# Unterordner - phpMyAdmin



## lusim (21. März 2012)

Hallo zusammen,

wo muss ich genau Verknüpfungen hinlegen, damit diese auch aufgerufen werden können?

phpMyAdmin -> phpmyadmin
webmail -> roundcube
phpmyadmin -> /usr/share/phpmyadmin
roundcube -> /usr/share/roundcube

In /var/www/ hab ich diese angelegt.
Würde gerne auch einen Passwortschutz einfügen eventeull über htaccess.
Wo müssten diese hingelegt werden?
Wo kann ich einstellen, das diese nur von der Haupt-IP aus zu erreichen ist sowie die Weiterleitung von http auf https?

Gibt es dazu eigene vhost, sowie ein eigenen ErrorLog?
Bekomme bei RoundCube nämlich einen 500ter und finde den Log nicht :-(

Danke euch!!


----------



## nowayback (21. März 2012)

> wo muss ich genau Verknüpfungen hinlegen, damit diese auch aufgerufen werden können?
> 
> phpMyAdmin -> phpmyadmin
> webmail -> roundcube
> ...


/etc/apache2/sites-enabled/



> In /var/www/ hab ich diese angelegt.


Falsch und unnötig

Wenn du eine der Anleitungen befolgt hättest, wären diese Fragen gar nicht gekommen, also frage ich: Warum befolgst du keine der Anleitungen?

Grüße
nwb


----------



## lusim (22. März 2012)

Dann schick mir bitte einen entsprechnen Link wodraus ich lernen kann.
Entsprechendes habe ich bisher nicht finden können.


----------



## nowayback (22. März 2012)

HowtoForge Linux Tutorials » Der Perfekte Server - Debian Squeeze (Debian 6.0) mit BIND & Dovecot [ISPConfig 3]

HowtoForge Linux Tutorials » Der Perfekte Server - Fedora 15 x86_64 [ISPConfig 3]

HowtoForge Linux Tutorials » Der Perfekte Server - Ubuntu 11.10 mit nginx [ISPConfig 3]

HowtoForge Linux Tutorials » Der Perfekte Server - Ubuntu 11.10 [ISPConfig 3]

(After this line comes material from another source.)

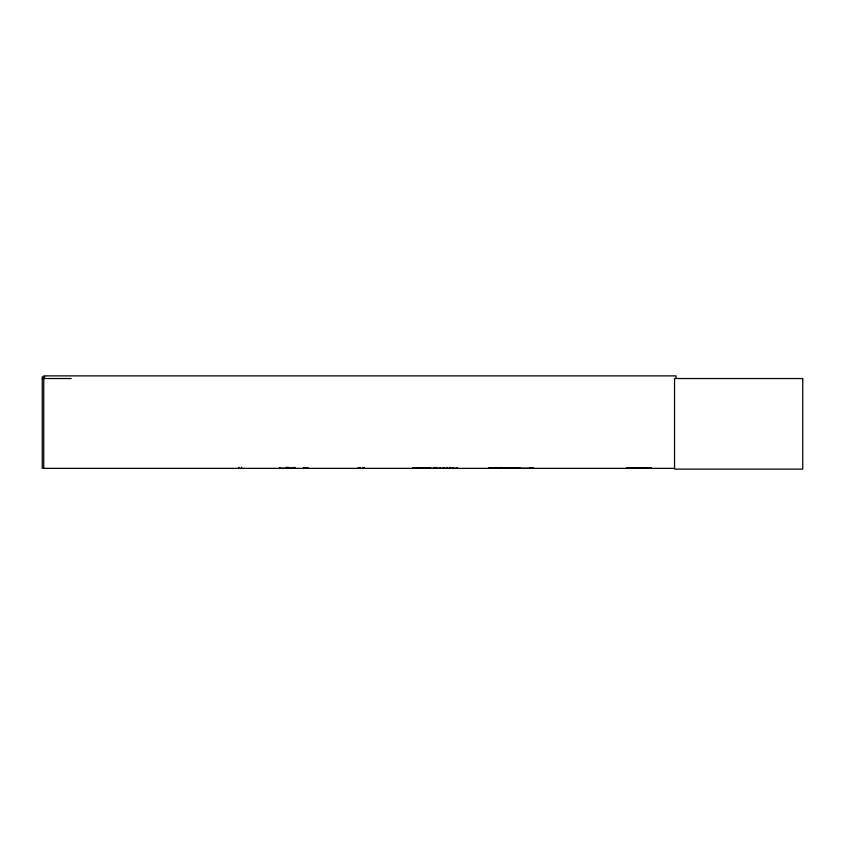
<?xml version="1.0" encoding="UTF-8"?>
<svg xmlns="http://www.w3.org/2000/svg" width="845" height="845" viewBox="0 0 845 845"><rect width="100%" height="100%" fill="white"/><g stroke="black" fill="none" stroke-linecap="round" stroke-linejoin="round"><path stroke-width="1.27" d="M280.276 468.331L280.286 467.612M293.416 468.331L293.416 467.612M293.87 468.331L293.87 467.612M531.009 468.267L531.199 467.612M440.055 468.246L440.097 467.612M488.727 468.362L533.924 468.288M489.044 468.246L489.097 467.612M500.884 468.246L500.736 467.422M294.63 468.267L294.725 467.676M286.159 468.362L286.381 467.422M286.793 468.246L286.846 467.232M362.368 468.267L362.885 467.676M290.437 468.267L290.522 467.676M516.306 468.267L516.401 467.676M44.891 376.828L42.25 376.828L42.25 468.362L674.711 468.362M42.25 378.528L71.233 378.528M412.909 467.771L429.83 467.771M491.061 467.771L516.929 467.771M651.326 467.961L626.758 467.961L651.326 468.32L651.305 467.644M412.878 467.993L429.862 467.993M491.029 467.993L516.96 467.993M626.758 468.141L651.326 468.141M294.725 468.172L279.822 468.331L279.832 467.612M303.63 467.676L308.457 468.331M359.769 467.676L360.371 468.267M412.899 468.31L457.42 468.288M529.762 468.267L529.678 467.676M304.189 468.267L304.274 467.422M495.814 468.246L495.973 467.422M457.229 468.246L457.198 467.612M676.032 378.528L676.032 375.877L43.739 375.877L43.739 468.362M533.216 467.612L533.216 468.362M531.6 467.612L531.6 468.362M529.583 467.612L529.583 468.362M520.119 467.612L520.119 468.362M518.503 467.612L518.503 468.362M518.101 467.612L518.101 468.362M516.485 467.612L516.485 468.362M501.148 467.422L501.148 468.362M500.948 467.612L500.948 468.362M495.751 467.612L495.751 468.362M495.561 467.422L495.561 468.362M453.036 467.612L453.036 468.362M450.491 467.422L450.491 468.362M450.036 467.422L450.036 468.362M447.248 467.422L447.248 468.362M446.804 467.422L446.804 468.362M443.276 467.612L443.276 468.362M436.717 467.422L436.717 468.362M436.252 467.422L436.252 468.362M435.819 467.612L435.819 468.362M435.735 467.612L435.735 468.362M434.277 467.422L434.267 468.362M429.693 467.612L429.693 468.362M364.533 467.422L364.533 468.362M362.98 467.612L363.065 468.362M359.674 467.612L359.759 468.362M358.206 467.422L358.206 468.362M307.738 467.612L307.738 468.362M304.126 467.422L304.126 468.362M303.535 467.612L303.535 468.362M294.81 467.612L294.81 468.362M294.218 467.422L294.218 468.362L294.071 467.422M290.617 467.612L290.617 468.362M287.321 467.422L287.311 468.362M287.004 467.612L286.92 468.362M241.554 467.232L241.554 468.362M238.903 467.232L238.903 468.362M802.75 378.528L674.542 378.528L674.542 469.123L802.75 469.123L802.75 378.528M507.697 468.267L507.644 467.676L507.602 468.362M444.312 468.267L444.29 467.676L444.259 468.362M288.472 468.362L288.472 467.422L288.472 468.362"/></g></svg>

HowtoForge Linux Tutorials » Der Perfekte Server - CentOS 6.1 x86_64 mit nginx [ISPConfig 3]


----------



## lusim (22. März 2012)

Sry, aber wo ist dort das erklärt was ich suche?
Installiert ist es, ich suche die entsprechenden Log-Files und weitere Verknüpfungen (zuachten auf Groß- & Kleinschreibung).

Unter /var/log/apache2 ist nichts zufinden und weiter LogFiles sind Kundenspezifisch, für phpmyadmin gibt es aber keinen Kunden. syslog steht auch nichts. Also nun nochmal, welches HowTo hilft da?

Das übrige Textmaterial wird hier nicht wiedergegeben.